[TASK BRIEF]
Please transcribe the entries exactly and omit the images they contain.

[Data extracted from a collection]
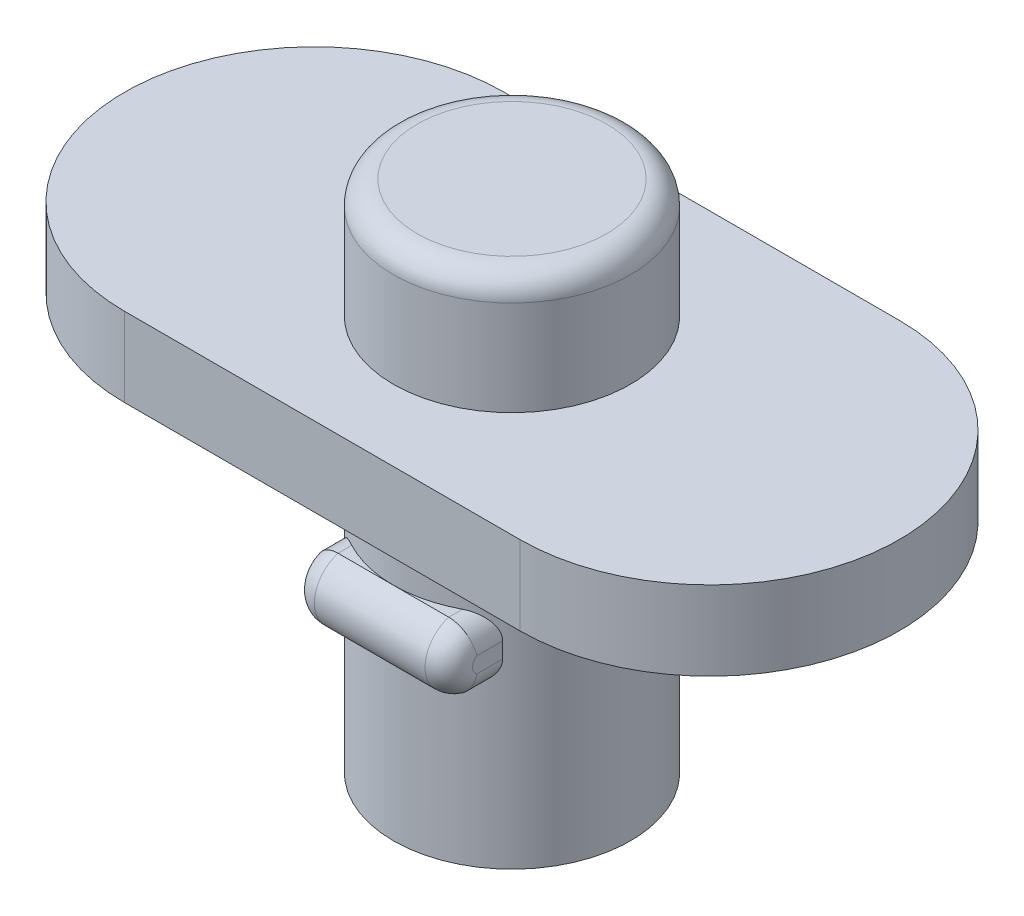
SolidWorks part; units mm, degrees
ref_plane "前视基准面" through (0, 0, 0) normal (0, 0, 1) x (1, 0, 0)
ref_plane "上视基准面" through (0, 0, 0) normal (0, 1, 0) x (1, 0, 0)
ref_plane "右视基准面" through (0, 0, 0) normal (1, 0, 0) x (0, 0, -1)
sketch "防尘基台草图" plane through (0, 0, 0) normal (0, 1, 0) x (1, 0, 0)
  line L16 (-2.5, -2.4) -> (2.5, -2.4)
  line L17 (-2.5, -2.4) -> (-2.5, 2.4) construction
  line L18 (-2.5, 2.4) -> (2.5, 2.4)
  line L19 (2.5, -2.4) -> (2.5, 2.4) construction
  line L20 (-2.5, -2.4) -> (2.5, 2.4) construction
  line L21 (-2.5, 2.4) -> (2.5, -2.4) construction
  arc A3 (-2.5, 2.4) -> (-2.5, -2.4) centre (-2.5, 0) ccw
  arc A4 (2.5, 2.4) -> (2.5, -2.4) centre (2.5, 0) cw
  point P0 (0, 0)
extrude "基台" add sketch "防尘基台草图" along normal blind 1 contours L16 A4 L18 A3
sketch "拨帽草图" plane through (0, 1, 0) normal (0, 1, 0) x (1, 0, 0)
  circle A0 centre (0, 0) radius 1.5
extrude "凸台-拉伸1" add sketch "拨帽草图" along normal blind 1.5
sketch "拨动开关连杆" plane through (0, 0, 0) normal (0, -1, 0) x (1, 0, 0)
  circle A0 centre (0, 0) radius 1.5
extrude "凸台-拉伸2" add sketch "拨动开关连杆" along normal blind 4
sketch "卡位草图" plane through (0, 0, 0) normal (0, 0, 1) x (1, 0, 0)
  line L0 (0, 0) -> (0, -1.6) construction
  line L1 (-1.5, 0) -> (1.5, 0) construction
  line L3 (-1, -2) -> (1, -2)
  line L4 (-1, -2) -> (-1, -1.2)
  line L5 (-1, -1.2) -> (1, -1.2)
  line L6 (1, -2) -> (1, -1.2)
  line L7 (-1, -2) -> (1, -1.2) construction
  line L8 (-1, -1.2) -> (1, -2) construction
extrude "凸台-拉伸3" add sketch "卡位草图" along normal blind 1.8 and the other way blind 1.8
sketch "草图4" plane through (1, 0, 0) normal (1, 0, 0) x (0, 0, -1)
  line L0 (0, 0) -> (0, -1.6)
  line L1 (1.8, -1.2) -> (1.118, -1.2) construction
  line L2 (-1.4, -2) -> (1.4, -2) construction
  line L3 (-1.4, -2) -> (-1.4, -1.2) construction
  line L4 (-1.4, -1.2) -> (1.4, -1.2) construction
  line L5 (1.4, -2) -> (1.4, -1.2) construction
  line L6 (-1.4, -1.6) -> (1.4, -1.6) construction
  line L7 (1.5, -1.2) -> (1.8, -1.2)
  line L9 (-1.8, -1.2) -> (-1.8, -2)
  line L12 (1.8, -1.2) -> (1.8, -2)
  line L14 (1.5, -2) -> (1.8, -2)
  line L15 (-1.8, -1.2) -> (-1.5, -1.2)
  line L16 (-1.8, -2) -> (-1.5, -2)
  arc A2 (-1.5, -2) -> (-1.5, -1.2) centre (-1.3833, -1.6) cw
  arc A3 (1.5, -1.2) -> (1.5, -2) centre (1.3833, -1.6) cw
  point P21 (0, -1.6)
  line M9 (-1.118, -1.2) -> (-1.8, -1.2)
  line M10 (-1.8, -1.2) -> (-1.8, -2)
  line M11 (-1.8, -2) -> (-1.118, -2)
extrude "切除-拉伸1" cut sketch "草图4" against normal blind 2 contours M9 M10 | L9 M11 | L12 | L12 region at (1, -1.9084, -1.7207) region at (1, -1.2916, -1.7207) region at (1, -1.2916, 1.7207) region at (1, -1.9084, 1.7207)
sketch "草图6" plane through (0, -4, 0) normal (0, -1, 0) x (1, 0, 0)
  line L9 (-0.85, -0.85) -> (0.85, -0.85)
  line L15 (-0.85, -0.85) -> (-0.85, 0.85)
  line L16 (-0.85, 0.85) -> (0.85, 0.85)
  line L17 (0.85, -0.85) -> (0.85, 0.85)
  line L18 (-0.85, -0.85) -> (0.85, 0.85) construction
  line L19 (-0.85, 0.85) -> (0.85, -0.85) construction
  point P0 (0, 0)
extrude "切除-拉伸2" cut sketch "草图6" against normal blind 2
fillet "圆角1" radius 0.3 13 edges at (0, 2.5, 1.5) (-1, -1.2, 1.309) (-1, -1.6, 1.8) (-1, -2, 1.309) (1, -2, 1.309) (1, -1.6, 1.8) (1, -1.2, 1.309) (-1, -1.2, -1.309) (-1, -1.6, -1.8) (-1, -2, -1.309) (1, -1.2, -1.309) (1, -2, -1.309) (1, -1.6, -1.8)

[THE COMPLETED TASK]
SolidWorks part; units mm, degrees
ref_plane "前视基准面" through (0, 0, 0) normal (0, 0, 1) x (1, 0, 0)
ref_plane "上视基准面" through (0, 0, 0) normal (0, 1, 0) x (1, 0, 0)
ref_plane "右视基准面" through (0, 0, 0) normal (1, 0, 0) x (0, 0, -1)
sketch "防尘基台草图" plane through (0, 0, 0) normal (0, 1, 0) x (1, 0, 0)
  line L16 (-2.5, -2.4) -> (2.5, -2.4)
  line L17 (-2.5, -2.4) -> (-2.5, 2.4) construction
  line L18 (-2.5, 2.4) -> (2.5, 2.4)
  line L19 (2.5, -2.4) -> (2.5, 2.4) construction
  line L20 (-2.5, -2.4) -> (2.5, 2.4) construction
  line L21 (-2.5, 2.4) -> (2.5, -2.4) construction
  arc A3 (-2.5, 2.4) -> (-2.5, -2.4) centre (-2.5, 0) ccw
  arc A4 (2.5, 2.4) -> (2.5, -2.4) centre (2.5, 0) cw
  point P0 (0, 0)
extrude "基台" add sketch "防尘基台草图" along normal blind 1 contours L16 A4 L18 A3
sketch "拨帽草图" plane through (0, 1, 0) normal (0, 1, 0) x (1, 0, 0)
  circle A0 centre (0, 0) radius 1.5
extrude "凸台-拉伸1" add sketch "拨帽草图" along normal blind 1.5
sketch "拨动开关连杆" plane through (0, 0, 0) normal (0, -1, 0) x (1, 0, 0)
  circle A0 centre (0, 0) radius 1.5
extrude "凸台-拉伸2" add sketch "拨动开关连杆" along normal blind 4
sketch "卡位草图" plane through (0, 0, 0) normal (0, 0, 1) x (1, 0, 0)
  line L0 (0, 0) -> (0, -1.6) construction
  line L1 (-1.5, 0) -> (1.5, 0) construction
  line L3 (-1, -2) -> (1, -2)
  line L4 (-1, -2) -> (-1, -1.2)
  line L5 (-1, -1.2) -> (1, -1.2)
  line L6 (1, -2) -> (1, -1.2)
  line L7 (-1, -2) -> (1, -1.2) construction
  line L8 (-1, -1.2) -> (1, -2) construction
extrude "凸台-拉伸3" add sketch "卡位草图" along normal blind 1.8 and the other way blind 1.8
sketch "草图4" plane through (1, 0, 0) normal (1, 0, 0) x (0, 0, -1)
  line L0 (0, 0) -> (0, -1.6)
  line L1 (1.8, -1.2) -> (1.118, -1.2) construction
  line L2 (-1.4, -2) -> (1.4, -2) construction
  line L3 (-1.4, -2) -> (-1.4, -1.2) construction
  line L4 (-1.4, -1.2) -> (1.4, -1.2) construction
  line L5 (1.4, -2) -> (1.4, -1.2) construction
  line L6 (-1.4, -1.6) -> (1.4, -1.6) construction
  line L7 (1.5, -1.2) -> (1.8, -1.2)
  line L9 (-1.8, -1.2) -> (-1.8, -2)
  line L12 (1.8, -1.2) -> (1.8, -2)
  line L14 (1.5, -2) -> (1.8, -2)
  line L15 (-1.8, -1.2) -> (-1.5, -1.2)
  line L16 (-1.8, -2) -> (-1.5, -2)
  arc A2 (-1.5, -2) -> (-1.5, -1.2) centre (-1.3833, -1.6) cw
  arc A3 (1.5, -1.2) -> (1.5, -2) centre (1.3833, -1.6) cw
  point P21 (0, -1.6)
  line M9 (-1.118, -1.2) -> (-1.8, -1.2)
  line M10 (-1.8, -1.2) -> (-1.8, -2)
  line M11 (-1.8, -2) -> (-1.118, -2)
extrude "切除-拉伸1" cut sketch "草图4" against normal blind 2 contours M9 M10 | L9 M11 | L12 | L12 region at (1, -1.9084, -1.7207) region at (1, -1.2916, -1.7207) region at (1, -1.2916, 1.7207) region at (1, -1.9084, 1.7207)
sketch "草图6" plane through (0, -4, 0) normal (0, -1, 0) x (1, 0, 0)
  line L9 (-0.85, -0.85) -> (0.85, -0.85)
  line L15 (-0.85, -0.85) -> (-0.85, 0.85)
  line L16 (-0.85, 0.85) -> (0.85, 0.85)
  line L17 (0.85, -0.85) -> (0.85, 0.85)
  line L18 (-0.85, -0.85) -> (0.85, 0.85) construction
  line L19 (-0.85, 0.85) -> (0.85, -0.85) construction
  point P0 (0, 0)
extrude "切除-拉伸2" cut sketch "草图6" against normal blind 2
fillet "圆角1" radius 0.3 13 edges at (0, 2.5, 1.5) (-1, -1.2, 1.309) (-1, -1.6, 1.8) (-1, -2, 1.309) (1, -2, 1.309) (1, -1.6, 1.8) (1, -1.2, 1.309) (-1, -1.2, -1.309) (-1, -1.6, -1.8) (-1, -2, -1.309) (1, -1.2, -1.309) (1, -2, -1.309) (1, -1.6, -1.8)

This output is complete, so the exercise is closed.